但這是一種總體上令人高興的狀態:債券收益率下降,因為通脹不再是一個問題。債券收益率也可能因為經濟衰退而下降。前者對股東來説是好事;經濟衰退就不是那麼大了。
歷史記錄好壞參半。美聯儲造成了大量的經濟衰退。但在20世紀60年代中期、80年代中期和90年代中期,加息週期結束,沒有出現衰退--經濟軟着陸。如果疫情沒有爆發,美聯儲可能也會在2019年降息,實現軟着陸。
債券市場預示經濟衰退迫在眉睫的最佳信號是收益率曲線的形狀,但它還沒有發出警告。3個月期國債收益率仍遠低於10年期國債收益率,而在經濟衰退之前,國債收益率通常會高於較長期國債收益率。
誠然,有充分的理由擔心經濟衰退,通脹打擊了家庭消費能力,制裁造成了金融壓力,地緣政治增加了全球化的麻煩。
但也有理由保持樂觀,疫情爆發後的儲蓄能夠抵消家庭支出能力受到的部分打擊,歐洲各國政府即將開始遲來的後新冠肺炎時代的支出狂潮,銀行實力雄厚,大量現金仍在流動。
你甚至可以爭辯説,美聯儲並沒有給經濟降温那麼多:消費者價格指數上漲了三倍多,是美聯儲上週加息25個基點的三倍多。如果像經濟學家認為的那樣,通脹後的利率對經濟有影響,那麼美聯儲今年實際上已經放鬆了貨幣政策(儘管我們不應在這方面太過矯揉造作;有關未來加息的討論對經濟也很重要)。
底線是:
無論是支持還是反對未來的滯脹衰退,都有很強的理由,而且也很難不同意。在我看來,這意味着未來市場會出現更劇烈的波動,因為數據顯示出現這種或那種結果的可能性越來越大。
你可能會買入DIP的第二個原因是:DIP一直很大。週一,由科技巨頭主導的納斯達克和羅素1000成長股指數陷入熊市,較去年的峯值下跌了逾20%。

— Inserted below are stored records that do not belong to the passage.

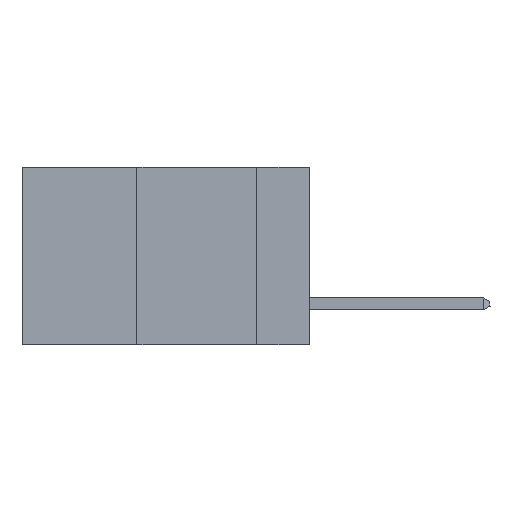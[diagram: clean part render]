
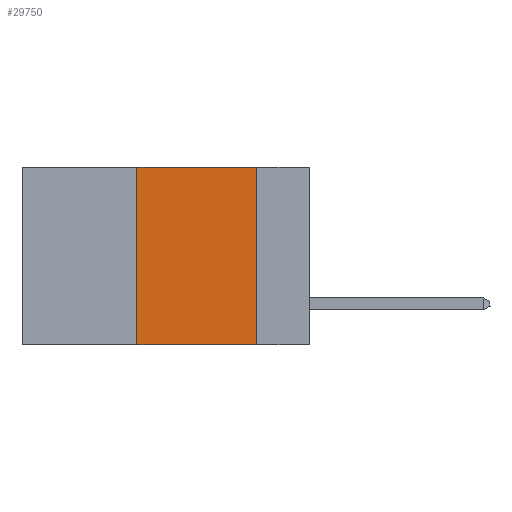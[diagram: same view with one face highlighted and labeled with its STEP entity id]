
A CAD part, left-side view. The second image highlights one B-rep face of the part: STEP entity #29750.
In plain terms, the highlighted planar face has unit normal (-1, 0, 0).
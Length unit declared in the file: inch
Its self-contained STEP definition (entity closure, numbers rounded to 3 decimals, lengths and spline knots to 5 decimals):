
#153 = VERTEX_POINT ( 'NONE', #38201 ) ;
#978 = CARTESIAN_POINT ( 'NONE',  ( 0., 0.11, 0. ) ) ;
#2805 = DIRECTION ( 'NONE',  ( 0., 0., -1. ) ) ;
#2999 = FACE_OUTER_BOUND ( 'NONE', #37745, .T. ) ;
#6020 = DIRECTION ( 'NONE',  ( 0., -1., 0. ) ) ;
#7483 = DIRECTION ( 'NONE',  ( 1., 0., 0. ) ) ;
#7831 = EDGE_CURVE ( 'NONE', #21233, #24088, #33897, .T. ) ;
#8291 = LINE ( 'NONE', #12543, #38858 ) ;
#10548 = EDGE_CURVE ( 'NONE', #24088, #153, #8291, .T. ) ;
#10712 = VECTOR ( 'NONE', #6020, 39.37008 ) ;
#10964 = AXIS2_PLACEMENT_3D ( 'NONE', #40942, #7483, #40637 ) ;
#11850 = CARTESIAN_POINT ( 'NONE',  ( 0., 0.36, 0. ) ) ;
#12225 = ORIENTED_EDGE ( 'NONE', *, *, #22013, .T. ) ;
#12543 = CARTESIAN_POINT ( 'NONE',  ( 0., 0.11, 0. ) ) ;
#15281 = VECTOR ( 'NONE', #16441, 39.37008 ) ;
#16441 = DIRECTION ( 'NONE',  ( 0., -1., 0. ) ) ;
#20382 = CARTESIAN_POINT ( 'NONE',  ( 0., 0.36, -0.37 ) ) ;
#21233 = VERTEX_POINT ( 'NONE', #11850 ) ;
#22013 = EDGE_CURVE ( 'NONE', #27478, #153, #28391, .T. ) ;
#24007 = PLANE ( 'NONE',  #10964 ) ;
#24088 = VERTEX_POINT ( 'NONE', #978 ) ;
#25334 = CARTESIAN_POINT ( 'NONE',  ( 0., 0.6, -0.37 ) ) ;
#27033 = LINE ( 'NONE', #27970, #38410 ) ;
#27478 = VERTEX_POINT ( 'NONE', #20382 ) ;
#27963 = EDGE_CURVE ( 'NONE', #27478, #21233, #27033, .T. ) ;
#27970 = CARTESIAN_POINT ( 'NONE',  ( 0., 0.36, 0. ) ) ;
#28391 = LINE ( 'NONE', #25334, #10712 ) ;
#29061 = ORIENTED_EDGE ( 'NONE', *, *, #10548, .F. ) ;
#29750 = ADVANCED_FACE ( 'NONE', ( #2999 ), #24007, .F. ) ;
#30145 = ORIENTED_EDGE ( 'NONE', *, *, #7831, .F. ) ;
#33897 = LINE ( 'NONE', #41801, #15281 ) ;
#36092 = ORIENTED_EDGE ( 'NONE', *, *, #27963, .F. ) ;
#37745 = EDGE_LOOP ( 'NONE', ( #29061, #30145, #36092, #12225 ) ) ;
#38201 = CARTESIAN_POINT ( 'NONE',  ( 0., 0.11, -0.37 ) ) ;
#38410 = VECTOR ( 'NONE', #40813, 39.37008 ) ;
#38858 = VECTOR ( 'NONE', #2805, 39.37008 ) ;
#40637 = DIRECTION ( 'NONE',  ( 0., 0., -1. ) ) ;
#40813 = DIRECTION ( 'NONE',  ( 0., 0., 1. ) ) ;
#40942 = CARTESIAN_POINT ( 'NONE',  ( 0., 0.6, 0. ) ) ;
#41801 = CARTESIAN_POINT ( 'NONE',  ( 0., 0.6, 0. ) ) ;

但我仍然懷疑週一的股市低點是否標誌着新一輪牛市的開始。首先,那些因為股市下跌20%左右而選擇購買科技股的人,很難對風險和回報的基本面前景做出經過深思熟慮的判斷。
其次,最大的贏家是伍德鍾愛的不盈利的科技股和米姆股票,比如$GameStop(GME.US)$從影院連鎖店到金礦公司$AMC娛樂(AMC.US)$--難以形成穩固的市場基礎。
第三,由於降低通脹的重要性,如果股市真的進一步下跌,美聯儲不太可能出手相救。由於缺乏美聯儲的支持,股市的風險比以往更高。
所以,DIP買家要當心了。30年來因為美聯儲將出手幹預而買入的口頭禪不再適用,所以你最好確保伍德這一次説對了。